У Синода, однако, был другой порядок. В канцелярии к сообщению Иродиона выписали два пункта из Духовного регламента (цитировавшихся выше), требовавшие, чтобы епископы преследовали недолжное почитание икон и не объявляли их чудотворными «для вспоможения церквей убогих, или новых построения» (Духовный регламент 1904, 23). Основываясь на этом нормативном документе, Синод определил: образ и истекшие от него слезы, «убрав в удобный тому ковчег и, запечатав, прислать». Было приказано и попа Терентия немедленно «выслать под крепким караулом» (ПСПР, IV, № 1323, с. 174). Сношения, высылка и разбирательство заняли некоторое время, так что Петр Великий успел скончаться, что, видимо, и обусловило сравнительную мягкость вынесенного 25 августа 1725 года приговора. На попа Терентия было оказано давление, и он дал показания, чтобы избавиться от бесконечного и тягостного пребывания в тюрьме под следствием. Он показал то, что от него требовали, а именно что «таких слез подлинно не было, а умыслил де он то разгласить в народ ложно для собственного своего прибытку». Синод «для помяновения высокославныя и вечнодостойныя памяти Государя Императора снисходительное милосердие показуя, согласно приговорили: по силе имянного Императорскаго Величества <…> указа, по которому велено разглашающим <…> чудеса притворно <…> или подобное тому творящим суеверие чинить наказание и вечную ссылку на галеры с вырезанием ноздрей[533]

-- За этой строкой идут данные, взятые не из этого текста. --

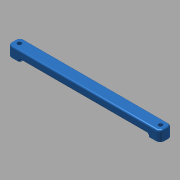
# Autodesk Inventor part: BatteryHolderTopStrap
Saved by Autodesk Inventor 2014 (Build 180170000, 170)
## iProperties
Created: 2014-10-22
Part Number: BatteryHolderTopStrap
Material: Generic
Document SubType Name: Modeling
Designer: Karl
Density: 1 g/cm^3
Appearance: Cyan
Author: Karl
Autodesk Inventor part; units mm, degrees
ref_plane "YZ Plane" through (0, 0, 0) normal (1, 0, 0) x (0, 1, 0)
ref_plane "XZ Plane" through (0, 0, 0) normal (0, 1, 0) x (-1, 0, 0)
ref_plane "XY Plane" through (0, 0, 0) normal (0, 0, 1) x (1, 0, 0)
sketch "Sketch1" plane through (0, 0, 0) normal (0, 1, 0) x (-1, 0, 0)
  line L0 (-59.69, 4.7625) -> (59.69, 4.7625)
  line L1 (59.69, 4.7625) -> (59.69, -4.7625)
  line L2 (59.69, -4.7625) -> (-59.69, -4.7625)
  line L3 (-59.69, -4.7625) -> (-59.69, 4.7625)
  point P0 (0, 0)
  point P1 (0, 4.7625)
  point P2 (-59.69, 0)
  dimension "d0" = 119.38
  dimension "d1" = 9.525
  constraints: 8 end point, 2 midpoint, 2 parallel, 1 horizontal, 1 horizontal alignment, 1 perpendicular, 1 vertical alignment
  measures "d0" distance of L0.start L0.end
  measures "d1" distance of L2.end L0.start
extrude "Extrusion1" add sketch "Sketch1" along normal blind 6.35
sketch "Sketch2" plane through (0, 6.35, 0) normal (0, 1, 0) x (1, 0, 0)
  point P0 (0, 0)
  point P1 (-55.245, 0)
  point P2 (55.245, 0)
  dimension "d4" = 55.245
  dimension "d5" = 55.245
  measures "d4" distance of point (55.245, 0) point (0, 0)
  measures "d5" distance of point (0, 0) point (-55.245, 0)
hole "Hole1" at (-55.245, 6.35, 0) at (55.245, 6.35, 0) direction (0, -1, 0) diameter 3.302 depth 25.4 tip angle 118
fillet "Fillet1" radius 3.175 4 edges at (-59.69, 3.175, 4.7625) (-59.69, 3.175, -4.7625) (59.69, 3.175, 4.7625) (59.69, 3.175, -4.7625)
fillet "Fillet2" radius 1.27 8 edges at (58.7601, 6.35, 3.8326) (59.69, 6.35, 0) (58.7601, 6.35, -3.8326) (0, 6.35, -4.7625) (-58.7601, 6.35, -3.8326) (-59.69, 6.35, 0) (-58.7601, 6.35, 3.8326) (0, 6.35, 4.7625)
sketch "Sketch3" plane through (0, 0, 0) normal (0, -1, 0) x (1, 0, 0)
  arc A0 (56.515, -4.7625) -> (59.69, -1.5875) centre (56.515, -1.5875) ccw projected
  line L0 (59.69, -1.5875) -> (59.69, 1.5875) projected
  arc A1 (59.69, 1.5875) -> (56.515, 4.7625) centre (56.515, 1.5875) ccw projected
  line L1 (56.515, 4.7625) -> (-56.515, 4.7625) projected
  arc A2 (-56.515, 4.7625) -> (-59.69, 1.5875) centre (-56.515, 1.5875) ccw projected
  line L2 (-59.69, 1.5875) -> (-59.69, -1.5875) projected
  arc A3 (-59.69, -1.5875) -> (-56.515, -4.7625) centre (-56.515, -1.5875) ccw projected
  line L3 (-56.515, -4.7625) -> (56.515, -4.7625) projected
  circle A4 centre (-55.245, 0) radius 1.651 projected
  circle A5 centre (55.245, 0) radius 1.651 projected
  line L4 (-50.165, 4.7625) -> (-50.165, -4.7625)
  line L5 (50.165, 4.7625) -> (50.165, -4.7625)
  point P0 (0, 0)
  dimension "d15" = 9.525
  dimension "d16" = 9.525
  constraints: 4 end point, 4 point on line, 2 perpendicular
  measures "d15" distance between parallel lines of L4 L2
  measures "d16" distance between parallel lines of L0 L5
extrude "Extrusion2" add sketch "Sketch3" along normal blind 1.651 contours L3 L5 L1 A1 L0 A0 | L3 A3 L2 A2 L1 L4
fillet "Fillet3" radius 1.27 8 edges at (0, 0, 4.7625) (-50.165, -0.8255, 4.7625) (-50.165, -0.8255, -4.7625) (-50.165, 0, 0) (0, 0, -4.7625) (50.165, -0.8255, 4.7625) (50.165, 0, 0) (50.165, -0.8255, -4.7625)
body "Solid1"

, облехча оное публичное наказание, выбить его Терентья плетми и, вместо вечной на галеру ссылки, лишить его священства» (ПСПР, V, № 1639, с. 169). Наказаны должны были быть и те, которые «видели иные слезы текущия, а иные крапли каплящыя»; их должны были «публично бить плетми ж нещадно» и в течение месяца по воскресным дням им предписывалось стоять у церквей и виниться, «оную совершенноую ложь изъявляя». У Иродиона указано было «взять из собственных его архиерейских имений штрафа тысячу рублев, не взирая ни на какия его отговорки, без всякаго отлагательства, которые и прислать в Святейший Синод немедленно» (там же). Все это следовало сделать, «дабы и впредь, на то взирая, другим так чинить неповадно было» (там же, 170). Впрочем, от штрафа епископа Иродиона потом освободили, поскольку из собственных его имений взять было нечего (ПСПР, V, № 1742, с. 322–323 — 28 февраля 1726 года).В течение всего XVIII века государственная борьба с «суевериями» то стихала, то нарастала вновь. Тем не менее она оставалась существенным элементом государственной политики. Так, в 1751 году была признана чудотворной Ахтырская икона Божией Матери, обнаруженная местным священником еще в 1739 году, но переданная им в храм лишь через три года, в царствование относительно благочестивой Елизаветы Петровны. Икона была признана чудотворной после работы нескольких следственных комиссий и чудесного явления Богородицы влиятельной баронессе фон Вейдель (ср.: ОДДС, XXXII, № 189/205, стб. 481–483 — 31 августа 1752 года; ср.: История 1903). Было бы поспешно делать из этого единичного случая вывод о наступившем со времен Елизаветы либерализме. В 1766 году новгородский митрополит Димитрий (Сеченов) распоряжается наложить наказания на всех, участвовавших (явно без всякой корыстной цели) в прославлении в качестве чудотворной иконы Иоанна Златоуста в погосте Михайлове Бежецкой пятины. Жители погоста, включая князя Василия Мещерского, попа Ивана Мокеева и диакона Григория Федорова, построили часовню и служили молебны. За это поп и дьякон были посланы (за разглашение ложных чудес) на три года в монастыри в работу на покаяние, дьячок и пономарь — на год, князя Мещерского отлучили от причастия на два года, приказчика Петра Замятина — на три года; девка Акилина при собрании мирском наказана плетьми (ОДЦС, L, № 130/381, стб. 170–171 — 23 марта 1770 года).
Обычно считается, что борьба с религиозными «суевериями» вроде описанных выше — это часть просветительской политики, которую начал проводить Петр Великий. Суеверия, действительно, представляют существенный элемент просвещенческого дискурса; просветители с помощью этого понятия описывали те религиозные обычаи, которые не имели рационального основания и вместе с тем обеспечивали роль церкви (прежде всего католической) в обществе. У этого понятийного узуса были прецеденты в рационалистической философии XVII — начала XVIII века, равно как и в протестантской критике «папизма». С этими прецедентами и Петр, и главный идеолог его царствования Феофан Прокопович были знакомы. Однако Петр никак не подходит на роль последовательного просветителя, и поэтому кажется поспешным сводить его борьбу с суевериями, а отсюда и вообще религиозное дисциплинирование к просвещенческой парадигме.